AIM OF THE EXERCISE
All of the data that follows is to be written out exactly, with images excluded.

RECORDS PROVIDED
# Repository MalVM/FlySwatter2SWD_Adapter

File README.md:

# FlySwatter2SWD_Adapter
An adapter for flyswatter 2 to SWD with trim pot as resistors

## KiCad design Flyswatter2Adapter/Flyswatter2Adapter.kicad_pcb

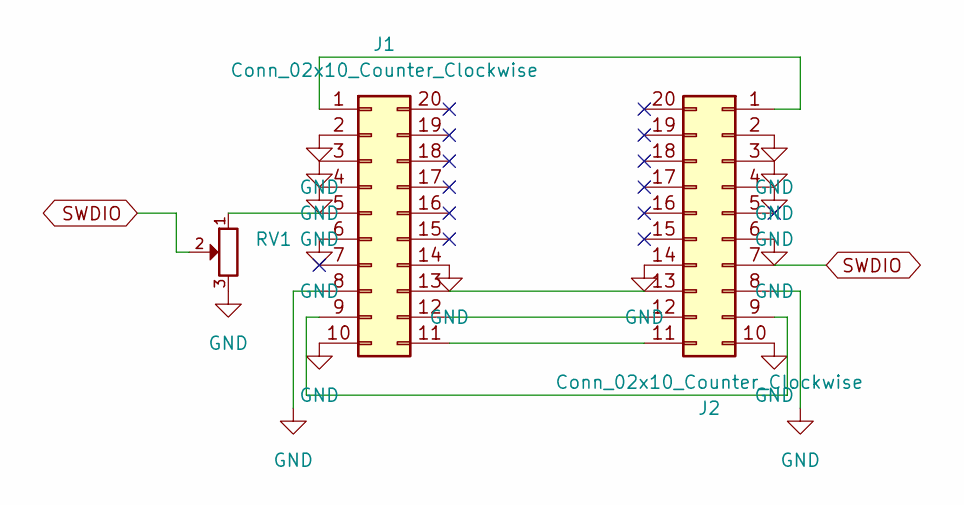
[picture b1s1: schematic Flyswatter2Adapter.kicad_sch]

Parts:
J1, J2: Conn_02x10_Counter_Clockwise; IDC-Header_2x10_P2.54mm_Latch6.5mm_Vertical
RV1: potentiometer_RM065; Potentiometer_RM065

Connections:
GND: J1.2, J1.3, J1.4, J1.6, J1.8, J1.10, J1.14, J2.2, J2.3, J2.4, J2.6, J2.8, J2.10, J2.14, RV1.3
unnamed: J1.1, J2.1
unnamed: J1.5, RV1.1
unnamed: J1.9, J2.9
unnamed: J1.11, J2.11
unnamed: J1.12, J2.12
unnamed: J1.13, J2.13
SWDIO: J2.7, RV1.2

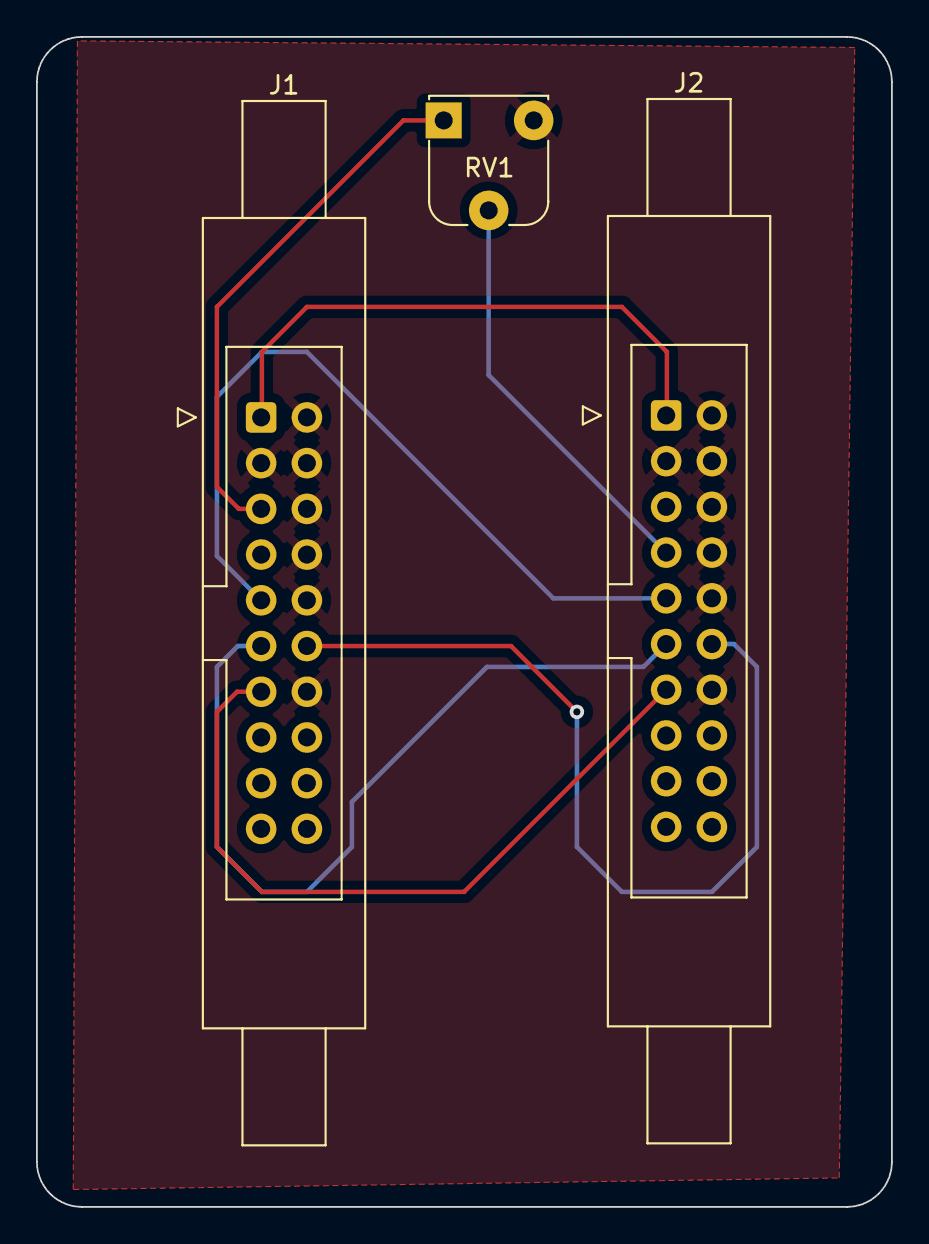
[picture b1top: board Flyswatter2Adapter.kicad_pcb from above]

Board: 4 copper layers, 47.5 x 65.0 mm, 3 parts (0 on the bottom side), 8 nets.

EXERCISE ANSWER
# Repository MalVM/FlySwatter2SWD_Adapter

File README.md:

# FlySwatter2SWD_Adapter
An adapter for flyswatter 2 to SWD with trim pot as resistors

## KiCad design Flyswatter2Adapter/Flyswatter2Adapter.kicad_pcb

[picture b1s1: schematic Flyswatter2Adapter.kicad_sch]

Parts:
J1, J2: Conn_02x10_Counter_Clockwise; IDC-Header_2x10_P2.54mm_Latch6.5mm_Vertical
RV1: potentiometer_RM065; Potentiometer_RM065

Connections:
GND: J1.2, J1.3, J1.4, J1.6, J1.8, J1.10, J1.14, J2.2, J2.3, J2.4, J2.6, J2.8, J2.10, J2.14, RV1.3
unnamed: J1.1, J2.1
unnamed: J1.5, RV1.1
unnamed: J1.9, J2.9
unnamed: J1.11, J2.11
unnamed: J1.12, J2.12
unnamed: J1.13, J2.13
SWDIO: J2.7, RV1.2

[picture b1top: board Flyswatter2Adapter.kicad_pcb from above]

Board: 4 copper layers, 47.5 x 65.0 mm, 3 parts (0 on the bottom side), 8 nets.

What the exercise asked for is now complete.